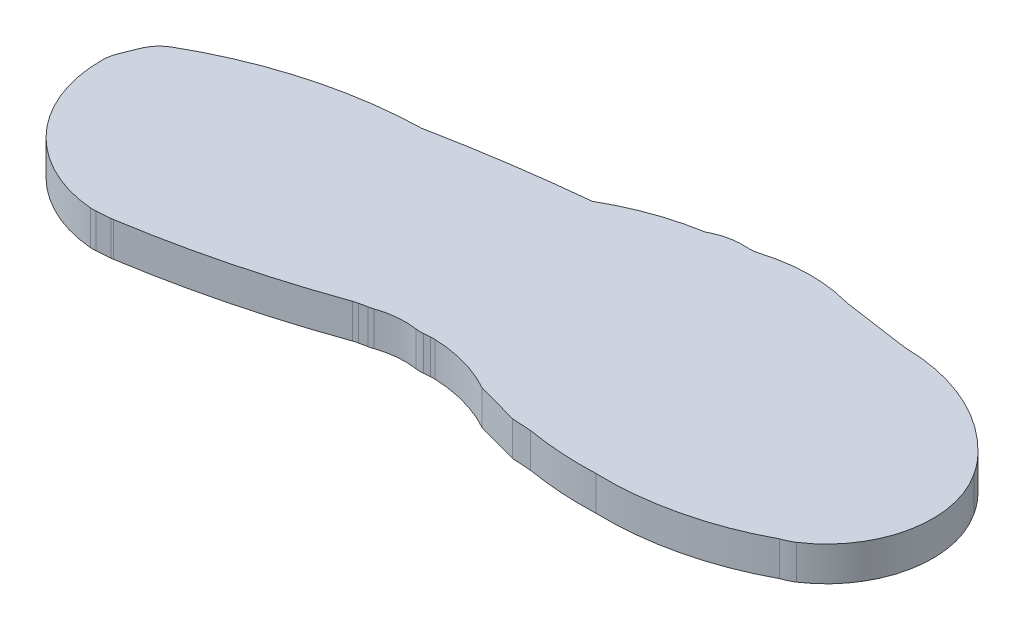
from build123d import *

# Parameters (mm, degrees)
BOSS_EXTRUDE1_DEPTH  = 10
BOSS_EXTRUDE2_DEPTH  = 10
FILLET1_R            = 10
BOSS_EXTRUDE3_DEPTH  = 10
FILLET2_R            = 10
FILLET3_R            = 10
BOSS_EXTRUDE4_DEPTH  = 10
BOSS_EXTRUDE5_DEPTH  = 10
BOSS_EXTRUDE6_DEPTH  = 10
BOSS_EXTRUDE7_DEPTH  = 10
BOSS_EXTRUDE8_DEPTH  = 10
BOSS_EXTRUDE9_DEPTH  = 10
BOSS_EXTRUDE10_DEPTH = 10
BOSS_EXTRUDE11_DEPTH = 10
BOSS_EXTRUDE12_DEPTH = 10
BOSS_EXTRUDE13_DEPTH = 10
FILLET4_R            = 10
FILLET5_R            = 10
FILLET6_R            = 10
BOSS_EXTRUDE14_DEPTH = 3
BOSS_EXTRUDE16_START = -3
BOSS_EXTRUDE16_DEPTH = 3
BOSS_EXTRUDE17_START = -3
BOSS_EXTRUDE17_DEPTH = 3
BOSS_EXTRUDE18_DEPTH = 3
BOSS_EXTRUDE19_START = -3
BOSS_EXTRUDE19_DEPTH = 3
BOSS_EXTRUDE20_START = -3
BOSS_EXTRUDE20_DEPTH = 3
BOSS_EXTRUDE21_START = -3
BOSS_EXTRUDE21_DEPTH = 3
BOSS_EXTRUDE22_START = -3
BOSS_EXTRUDE22_DEPTH = 3
BOSS_EXTRUDE23_DEPTH = 3
BOSS_EXTRUDE24_DEPTH = 3
BOSS_EXTRUDE25_START = -3
BOSS_EXTRUDE25_DEPTH = 3
BOSS_EXTRUDE26_START = -3
BOSS_EXTRUDE26_DEPTH = 3
BOSS_EXTRUDE27_START = -3
BOSS_EXTRUDE27_DEPTH = 3


with BuildPart() as part:
    # Sketch1 → Boss-Extrude1 (new body)
    with BuildSketch(Plane(origin=(0, 0, 0), x_dir=(1, 0, 0), z_dir=(0, 1, 0))):
        with BuildLine():
            Line((51.805250568, 46.254728184), (56.867580546, 46.690093705))
            Line((56.867580546, 46.690093705), (66.599539174, 71.853555984))
            Line((66.599539174, 71.853555984), (87.069484898, 91.437016001))
            Line((87.069484898, 91.437016001), (113.057432433, 61.102946487))
            Line((113.057432433, 61.102946487), (116.82467317, 61.854548169))
            Line((116.82467317, 61.854548169), (90.836725634, 92.188617682))
            Line((90.836725634, 92.188617682), (105.035116548, 105.898750841))
            Line((105.035116548, 105.898750841), (129.568132848, 62.950498647))
            Line((129.568132848, 62.950498647), (133.31455682, 63.272694914))
            Line((133.31455682, 63.272694914), (123.357580852, 80.374925591))
            Line((123.357580852, 80.374925591), (148.785651419, 102.172519068))
            Line((148.785651419, 102.172519068), (153.040868267, 57.891104139))
            Line((153.040868267, 57.891104139), (165.185425052, 54.57791328))
            Line((165.185425052, 54.57791328), (160.590576177, 102.174000873))
            Line((160.590576177, 102.174000873), (179.658076638, 104.906387862))
            Line((179.658076638, 104.906387862), (170.767457679, 54.218871994))
            ThreePointArc((170.767457679, 54.218871994), (180.837217506, 53.04614218), (190.97424035, 52.919153825))
            Line((190.97424035, 52.919153825), (197.981646973, 92.870031941))
            Line((197.981646973, 92.870031941), (234.078179475, 63.123049205))
            ThreePointArc((234.078179475, 63.123049205), (235.810126624, 63.828566908), (237.445115175, 64.736426258))
            Line((237.445115175, 64.736426258), (225.536614511, 74.55016567))
            Line((225.536614511, 74.55016567), (246.091874592, 107.449582187))
            ThreePointArc((246.091874592, 107.449582187), (243.840681793, 110.618047464), (241.25389096, 113.519004964))
            Line((241.25389096, 113.519004964), (240.395012362, 112.144339568))
            Line((240.395012362, 112.144339568), (219.839752281, 79.244923051))
            Line((219.839752281, 79.244923051), (198.654111375, 96.703910123))
            Line((198.654111375, 96.703910123), (204.382089549, 129.360464852))
            Line((204.382089549, 129.360464852), (184.447051736, 132.209464557))
            Line((184.447051736, 132.209464557), (180.419423262, 109.247004562))
            Line((180.419423262, 109.247004562), (160.097156473, 107.285125983))
            Line((160.097156473, 107.285125983), (158.308732306, 125.810652197))
            Line((158.308732306, 125.810652197), (157.766479573, 131.427617904))
            ThreePointArc((157.766479573, 131.427617904), (151.800844978, 131.395283067), (146.165668691, 129.437061966))
            Line((146.165668691, 129.437061966), (147.843325617, 111.978721981))
            Line((147.843325617, 111.978721981), (144.813827038, 109.125716877))
            Line((144.813827038, 109.125716877), (119.385756471, 87.3281234))
            Line((119.385756471, 87.3281234), (108.602540339, 106.205552911))
            Line((108.602540339, 106.205552911), (107.52160572, 107.900291772))
            Line((107.52160572, 107.900291772), (115.140722033, 114.033426524))
            Line((115.140722033, 114.033426524), (122.553726759, 120.438529801))
            ThreePointArc((122.553726759, 120.438529801), (122.391169983, 120.703903688), (122.08857731, 120.776606365))
            Line((122.08857731, 120.776606365), (117.367703847, 118.588729188))
            Line((117.367703847, 118.588729188), (69.895175345, 80.374925591))
            Line((69.895175345, 80.374925591), (83.054291448, 114.72858327))
            Line((83.054291448, 114.72858327), (79.00377159, 114.380234447))
            Line((79.00377159, 114.380234447), (59.63165965, 65.85792942))
            Line((59.63165965, 65.85792942), (19.328949542, 96.752897561))
            Line((19.328949542, 96.752897561), (15.566189716, 87.3281234))
            Line((15.566189716, 87.3281234), (55.868899823, 56.433155258))
            Line((55.868899823, 56.433155258), (51.805250568, 46.254728184))
        make_face()
    extrude(amount=BOSS_EXTRUDE1_DEPTH)

    # Sketch3 → Boss-Extrude2 (add)
    with BuildSketch(Plane(origin=(0, 0, 0), x_dir=(-1, 0, 0), z_dir=(0, -1, 0))):
        with BuildLine():
            Line((-184.447051736, 132.209464557), (-184.096250604, 130.209464557))
            ThreePointArc((-184.096250604, 130.209464557), (-170.969249532, 131.779309143), (-157.95955632, 129.427617904))
            Line((-157.95955632, 129.427617904), (-157.766479573, 131.427617904))
            ThreePointArc((-157.766479573, 131.427617904), (-171.046827654, 133.863929723), (-184.447051736, 132.209464557))
        make_face()
    extrude(amount=-BOSS_EXTRUDE2_DEPTH)

    # Fillet1
    fillet1_edges = [part.edges().sort_by_distance(p)[0] for p in [
        (157.766479573, 5, -131.427617904),
    ]]
    fillet(fillet1_edges, radius=FILLET1_R)

    # Sketch4 → Boss-Extrude3 (add)
    with BuildSketch(Plane.XZ):
        with BuildLine():
            Line((241.25389096, -113.519004964), (240.194147983, -111.822849068))
            ThreePointArc((240.194147983, -111.822849068), (223.645469846, -123.160543749), (204.036563274, -127.390538053))
            Line((204.036563274, -127.390538053), (204.382089549, -129.360464852))
            ThreePointArc((204.382089549, -129.360464852), (224.4077507, -125.139982982), (241.25389096, -113.519004964))
        make_face()
    extrude(amount=-BOSS_EXTRUDE3_DEPTH)

    # Fillet2
    fillet2_edges = [part.edges().sort_by_distance(p)[0] for p in [
        (204.382089549, 5, -129.360464852),
    ]]
    fillet(fillet2_edges, radius=FILLET2_R)

    # Fillet3
    fillet3_edges = [part.edges().sort_by_distance(p)[0] for p in [
        (184.447051736, 5, -132.209464557),
    ]]
    fillet(fillet3_edges, radius=FILLET3_R)

    # Sketch5 → Boss-Extrude4 (add)
    with BuildSketch(Plane(origin=(0, 0, 0), x_dir=(-1, 0, 0), z_dir=(0, -1, 0))):
        with BuildLine():
            Line((-146.165668691, 129.437061966), (-146.35697717, 127.446232725))
            ThreePointArc((-146.35697717, 127.446232725), (-134.153534544, 124.9675725), (-122.553726759, 120.438529801))
            ThreePointArc((-122.553726759, 120.438529801), (-122.391169983, 120.703903688), (-122.08857731, 120.776606365))
            ThreePointArc((-122.08857731, 120.776606365), (-133.74228961, 126.176716529), (-146.165668691, 129.437061966))
        make_face()
    extrude(amount=-BOSS_EXTRUDE4_DEPTH)

    # Sketch6 → Boss-Extrude5 (add)
    with BuildSketch(Plane.XZ):
        with BuildLine():
            Line((117.367703847, -118.588729188), (83.054291448, -114.72858327))
            Line((83.054291448, -114.72858327), (79.00377159, -114.380234447))
            ThreePointArc((79.00377159, -114.380234447), (100.4688886, -118.099003928), (122.08857731, -120.776606365))
            Line((122.08857731, -120.776606365), (117.367703847, -118.588729188))
        make_face()
    extrude(amount=-BOSS_EXTRUDE5_DEPTH)

    # Sketch7 → Boss-Extrude6 (add)
    with BuildSketch(Plane(origin=(0, 10, 0), x_dir=(1, 0, 0), z_dir=(0, 1, 0))):
        with BuildLine():
            Line((79.00377159, 114.380234447), (78.262205131, 112.522795568))
            ThreePointArc((78.262205131, 112.522795568), (48.512953701, 107.66287103), (20.916234075, 95.536128144))
            Line((20.916234075, 95.536128144), (19.328949542, 96.752897561))
            ThreePointArc((19.328949542, 96.752897561), (48.002866802, 109.505407349), (79.00377159, 114.380234447))
        make_face()
    extrude(amount=-BOSS_EXTRUDE6_DEPTH)

    # Sketch8 → Boss-Extrude7 (add)
    with BuildSketch(Plane.XZ):
        with BuildLine():
            Line((51.805250568, -46.254728184), (52.546817026, -48.112167063))
            ThreePointArc((52.546817026, -48.112167063), (27.538270706, -60.301307017), (17.153474248, -86.111353983))
            Line((17.153474248, -86.111353983), (15.566189716, -87.3281234))
            ThreePointArc((15.566189716, -87.3281234), (25.179141466, -59.286070545), (51.805250568, -46.254728184))
        make_face()
    extrude(amount=-BOSS_EXTRUDE7_DEPTH)

    # Sketch9 → Boss-Extrude8 (add)
    with BuildSketch(Plane.XZ):
        with BuildLine():
            Line((56.867580546, -46.690093705), (57.589005486, -48.555447841))
            ThreePointArc((57.589005486, -48.555447841), (84.37250162, -56.744283383), (111.756215819, -62.621773443))
            Line((111.756215819, -62.621773443), (113.057432433, -61.102946487))
            ThreePointArc((113.057432433, -61.102946487), (85.305396239, -52.559732402), (56.867580546, -46.690093705))
        make_face()
    extrude(amount=-BOSS_EXTRUDE8_DEPTH)

    # Sketch10 → Boss-Extrude9 (add)
    with BuildSketch(Plane(origin=(0, 0, 0), x_dir=(-1, 0, 0), z_dir=(0, -1, 0))):
        with BuildLine():
            Line((-116.82467317, 61.854548169), (-115.523456556, 63.373375125))
            ThreePointArc((-115.523456556, 63.373375125), (-121.956257585, 64.95953709), (-128.576124511, 64.687138926))
            Line((-128.576124511, 64.687138926), (-129.568132848, 62.950498647))
            ThreePointArc((-129.568132848, 62.950498647), (-123.120409738, 63.286155655), (-116.82467317, 61.854548169))
        make_face()
    extrude(amount=-BOSS_EXTRUDE9_DEPTH)

    # Sketch11 → Boss-Extrude10 (add)
    with BuildSketch(Plane.XZ):
        with BuildLine():
            Line((153.040868267, -57.891104139), (152.849559788, -59.88193338))
            ThreePointArc((152.849559788, -59.88193338), (142.907546747, -63.760188349), (132.308272343, -65.001102144))
            Line((132.308272343, -65.001102144), (133.31455682, -63.272694914))
            ThreePointArc((133.31455682, -63.272694914), (143.510926178, -61.803299707), (153.040868267, -57.891104139))
        make_face()
    extrude(amount=-BOSS_EXTRUDE10_DEPTH)

    # Sketch12 → Boss-Extrude11 (add)
    with BuildSketch(Plane.XZ):
        Polygon((170.767457679, -54.218871994), (165.185425052, -54.57791328), (164.99324177, -56.568658263), (171.112983954, -56.188798793), align=None)
    extrude(amount=-BOSS_EXTRUDE11_DEPTH)

    # Sketch13 → Boss-Extrude12 (add)
    with BuildSketch(Plane.XZ):
        with BuildLine():
            Line((237.445115175, -64.736426258), (235.901683391, -66.008361134))
            ThreePointArc((235.901683391, -66.008361134), (248.258475049, -84.090973284), (245.032131615, -105.753426291))
            Line((245.032131615, -105.753426291), (246.091874592, -107.449582187))
            ThreePointArc((246.091874592, -107.449582187), (250.614679122, -84.302201712), (237.445115175, -64.736426258))
        make_face()
    extrude(amount=-BOSS_EXTRUDE12_DEPTH)

    # Sketch14 → Boss-Extrude13 (add)
    with BuildSketch(Plane.XZ):
        with BuildLine():
            Line((190.97424035, -52.919153825), (191.319766625, -54.889080624))
            ThreePointArc((191.319766625, -54.889080624), (212.52084719, -57.06838935), (232.534747692, -64.394984081))
            Line((232.534747692, -64.394984081), (234.078179475, -63.123049205))
            ThreePointArc((234.078179475, -63.123049205), (213.194515683, -55.198002086), (190.97424035, -52.919153825))
        make_face()
    extrude(amount=-BOSS_EXTRUDE13_DEPTH)

    # Fillet4
    fillet4_edges = [part.edges().sort_by_distance(p)[0] for p in [
        (133.31455682, 5, -63.272694914),
        (129.568132848, 5, -62.950498647),
        (116.82467317, 5, -61.854548169),
        (113.057432433, 5, -61.102946487),
    ]]
    fillet(fillet4_edges, radius=FILLET4_R)

    # Fillet5
    # the kernel refuses this fillet: 10 mm, written as the material it takes off along each edge
    with BuildSketch(Plane(origin=(56.867580546, -0.900144387, -46.690093705), x_dir=(0.9877650784630306, 0, -0.15594918970268098), z_dir=(0, 1, 0))) as fillet5_piece_1:
        with BuildLine():
            CenterArc((0.354164433, 9.999998263), FILLET5_R, 265.943550384, 4.090215864)
            Line((-0.353228281, 0.025049865), (0, 0))
            ThreePointArc((0, 0), (0.180028877, -5.3048e-05), (0.360057755, 0))
        make_face()
    extrude(amount=11.800288773, mode=Mode.SUBTRACT)
    with BuildSketch(Plane(origin=(51.805250568, -2.317018867, -46.254728184), x_dir=(0.9963223007849147, 0, -0.08568473002031346), z_dir=(0, 1, 0))) as fillet5_piece_2:
        with BuildLine():
            CenterArc((0.79824645, 10), FILLET5_R, 260.135505168, 9.864494831)
            ThreePointArc((-0.914939677, 0.147843216), (-0.45791207, 0.071184823), (0, 0))
            Line((0, 0), (0.79824645, 0))
        make_face()
    extrude(amount=14.634037735, mode=Mode.SUBTRACT)

    # Fillet6
    fillet6_edges = [part.edges().sort_by_distance(p)[0] for p in [
        (15.566189716, 5, -87.3281234),
        (19.328949542, 5, -96.752897561),
    ]]
    fillet(fillet6_edges, radius=FILLET6_R)

    # Sketch15 → Boss-Extrude14 (add)
    with BuildSketch(Plane(origin=(0, 10, 0), x_dir=(1, 0, 0), z_dir=(0, 1, 0))):
        with BuildLine():
            Line((78.262205131, 112.522795568), (59.63165965, 65.85792942))
            Line((59.63165965, 65.85792942), (20.916234075, 95.536128144))
            ThreePointArc((20.916234075, 95.536128144), (48.512953701, 107.66287103), (78.262205131, 112.522795568))
        make_face()
    extrude(amount=-BOSS_EXTRUDE14_DEPTH)

    # Sketch16 → Boss-Extrude16 (add)
    with BuildSketch(Plane(origin=(0, 10, 0), x_dir=(1, 0, 0), z_dir=(0, 1, 0)).offset(BOSS_EXTRUDE16_START)):
        with BuildLine():
            Line((52.546817026, 48.112167063), (55.868899823, 56.433155258))
            Line((55.868899823, 56.433155258), (17.153474248, 86.111353983))
            ThreePointArc((17.153474248, 86.111353983), (27.538270706, 60.301307017), (52.546817026, 48.112167063))
        make_face()
    extrude(amount=BOSS_EXTRUDE16_DEPTH)

    # Sketch20 → Boss-Extrude17 (add)
    with BuildSketch(Plane(origin=(0, 10, 0), x_dir=(1, 0, 0), z_dir=(0, 1, 0)).offset(BOSS_EXTRUDE17_START)):
        with BuildLine():
            Line((57.589005486, 48.555447841), (66.599539174, 71.853555984))
            Line((66.599539174, 71.853555984), (87.069484898, 91.437016001))
            Line((87.069484898, 91.437016001), (111.756215819, 62.621773443))
            ThreePointArc((111.756215819, 62.621773443), (84.37250162, 56.744283383), (57.589005486, 48.555447841))
        make_face()
    extrude(amount=BOSS_EXTRUDE17_DEPTH)

    # Sketch21 → Boss-Extrude18 (add)
    with BuildSketch(Plane(origin=(0, 10, 0), x_dir=(1, 0, 0), z_dir=(0, 1, 0))):
        Polygon((69.895175345, 80.374925591), (83.054291448, 114.72858327), (117.367703847, 118.588729188), align=None)
    extrude(amount=-BOSS_EXTRUDE18_DEPTH)

    # Sketch22 → Boss-Extrude19 (add)
    with BuildSketch(Plane(origin=(0, 10, 0), x_dir=(1, 0, 0), z_dir=(0, 1, 0)).offset(BOSS_EXTRUDE19_START)):
        with BuildLine():
            Line((115.523456556, 63.373375125), (90.836725634, 92.188617682))
            Line((90.836725634, 92.188617682), (105.035116548, 105.898750841))
            Line((105.035116548, 105.898750841), (128.576124511, 64.687138926))
            ThreePointArc((128.576124511, 64.687138926), (121.956257585, 64.95953709), (115.523456556, 63.373375125))
        make_face()
    extrude(amount=BOSS_EXTRUDE19_DEPTH)

    # Sketch23 → Boss-Extrude20 (add)
    with BuildSketch(Plane(origin=(0, 10, 0), x_dir=(1, 0, 0), z_dir=(0, 1, 0)).offset(BOSS_EXTRUDE20_START)):
        with BuildLine():
            Line((152.849559788, 59.88193338), (148.785651419, 102.172519068))
            Line((148.785651419, 102.172519068), (123.357580852, 80.374925591))
            Line((123.357580852, 80.374925591), (132.308272343, 65.001102144))
            ThreePointArc((132.308272343, 65.001102144), (142.907546747, 63.760188349), (152.849559788, 59.88193338))
        make_face()
    extrude(amount=BOSS_EXTRUDE20_DEPTH)

    # Sketch24 → Boss-Extrude21 (add)
    with BuildSketch(Plane(origin=(0, 10, 0), x_dir=(1, 0, 0), z_dir=(0, 1, 0)).offset(BOSS_EXTRUDE21_START)):
        with BuildLine():
            Line((107.52160572, 107.900291772), (108.602540339, 106.205552911))
            Line((108.602540339, 106.205552911), (119.385756471, 87.3281234))
            Line((119.385756471, 87.3281234), (147.843325617, 111.978721981))
            Line((147.843325617, 111.978721981), (146.35697717, 127.446232725))
            ThreePointArc((146.35697717, 127.446232725), (134.153534544, 124.9675725), (122.553726759, 120.438529801))
            Line((122.553726759, 120.438529801), (115.140722033, 114.033426524))
            Line((115.140722033, 114.033426524), (107.52160572, 107.900291772))
        make_face()
    extrude(amount=BOSS_EXTRUDE21_DEPTH)

    # Sketch25 → Boss-Extrude22 (add)
    with BuildSketch(Plane(origin=(0, 10, 0), x_dir=(1, 0, 0), z_dir=(0, 1, 0)).offset(BOSS_EXTRUDE22_START)):
        with BuildLine():
            Line((157.95955632, 129.427617904), (160.097156473, 107.285125983))
            Line((160.097156473, 107.285125983), (180.419423262, 109.247004562))
            Line((180.419423262, 109.247004562), (184.096250604, 130.209464557))
            ThreePointArc((184.096250604, 130.209464557), (170.969249532, 131.779309143), (157.95955632, 129.427617904))
        make_face()
    extrude(amount=BOSS_EXTRUDE22_DEPTH)

    # Sketch26 → Boss-Extrude23 (add)
    with BuildSketch(Plane(origin=(0, 10, 0), x_dir=(1, 0, 0), z_dir=(0, 1, 0))):
        Polygon((160.590576177, 102.174000873), (164.99324177, 56.568658263), (171.112983954, 56.188798793), (179.658076638, 104.906387862), align=None)
    extrude(amount=-BOSS_EXTRUDE23_DEPTH)

    # Sketch27 → Boss-Extrude24 (add)
    with BuildSketch(Plane(origin=(0, 10, 0), x_dir=(1, 0, 0), z_dir=(0, 1, 0))):
        Polygon((119.385756471, 87.3281234), (144.813827038, 109.125716877), (147.843325617, 111.978721981), align=None)
    extrude(amount=-BOSS_EXTRUDE24_DEPTH)

    # Sketch28 → Boss-Extrude25 (add)
    with BuildSketch(Plane(origin=(0, 10, 0), x_dir=(1, 0, 0), z_dir=(0, 1, 0)).offset(BOSS_EXTRUDE25_START)):
        with BuildLine():
            Line((235.901683391, 66.008361134), (225.536614511, 74.55016567))
            Line((225.536614511, 74.55016567), (245.032131615, 105.753426291))
            ThreePointArc((245.032131615, 105.753426291), (248.258475049, 84.090973284), (235.901683391, 66.008361134))
        make_face()
    extrude(amount=BOSS_EXTRUDE25_DEPTH)

    # Sketch29 → Boss-Extrude26 (add)
    with BuildSketch(Plane(origin=(0, 10, 0), x_dir=(1, 0, 0), z_dir=(0, 1, 0)).offset(BOSS_EXTRUDE26_START)):
        with BuildLine():
            Line((191.319766625, 54.889080624), (197.981646973, 92.870031941))
            Line((197.981646973, 92.870031941), (232.534747692, 64.394984081))
            ThreePointArc((232.534747692, 64.394984081), (212.52084719, 57.06838935), (191.319766625, 54.889080624))
        make_face()
    extrude(amount=BOSS_EXTRUDE26_DEPTH)

    # Sketch30 → Boss-Extrude27 (add)
    with BuildSketch(Plane(origin=(0, 10, 0), x_dir=(1, 0, 0), z_dir=(0, 1, 0)).offset(BOSS_EXTRUDE27_START)):
        with BuildLine():
            Line((204.036563274, 127.390538053), (198.654111375, 96.703910123))
            Line((198.654111375, 96.703910123), (219.839752281, 79.244923051))
            Line((219.839752281, 79.244923051), (240.194147983, 111.822849068))
            ThreePointArc((240.194147983, 111.822849068), (223.645469846, 123.160543749), (204.036563274, 127.390538053))
        make_face()
    extrude(amount=BOSS_EXTRUDE27_DEPTH)


solid = part.part

### [Problem]
Given the records above, reproduce precisely and only the lines between the line holding "BOSS_EXTRUDE22_START = -3" and the line holding "57.891104139), (165.185425052, 54.57791328))", inclusive.

### [Task result]
BOSS_EXTRUDE22_START = -3
BOSS_EXTRUDE22_DEPTH = 3
BOSS_EXTRUDE23_DEPTH = 3
BOSS_EXTRUDE24_DEPTH = 3
BOSS_EXTRUDE25_START = -3
BOSS_EXTRUDE25_DEPTH = 3
BOSS_EXTRUDE26_START = -3
BOSS_EXTRUDE26_DEPTH = 3
BOSS_EXTRUDE27_START = -3
BOSS_EXTRUDE27_DEPTH = 3


with BuildPart() as part:
    # Sketch1 → Boss-Extrude1 (new body)
    with BuildSketch(Plane(origin=(0, 0, 0), x_dir=(1, 0, 0), z_dir=(0, 1, 0))):
        with BuildLine():
            Line((51.805250568, 46.254728184), (56.867580546, 46.690093705))
            Line((56.867580546, 46.690093705), (66.599539174, 71.853555984))
            Line((66.599539174, 71.853555984), (87.069484898, 91.437016001))
            Line((87.069484898, 91.437016001), (113.057432433, 61.102946487))
            Line((113.057432433, 61.102946487), (116.82467317, 61.854548169))
            Line((116.82467317, 61.854548169), (90.836725634, 92.188617682))
            Line((90.836725634, 92.188617682), (105.035116548, 105.898750841))
            Line((105.035116548, 105.898750841), (129.568132848, 62.950498647))
            Line((129.568132848, 62.950498647), (133.31455682, 63.272694914))
            Line((133.31455682, 63.272694914), (123.357580852, 80.374925591))
            Line((123.357580852, 80.374925591), (148.785651419, 102.172519068))
            Line((148.785651419, 102.172519068), (153.040868267, 57.891104139))
            Line((153.040868267, 57.891104139), (165.185425052, 54.57791328))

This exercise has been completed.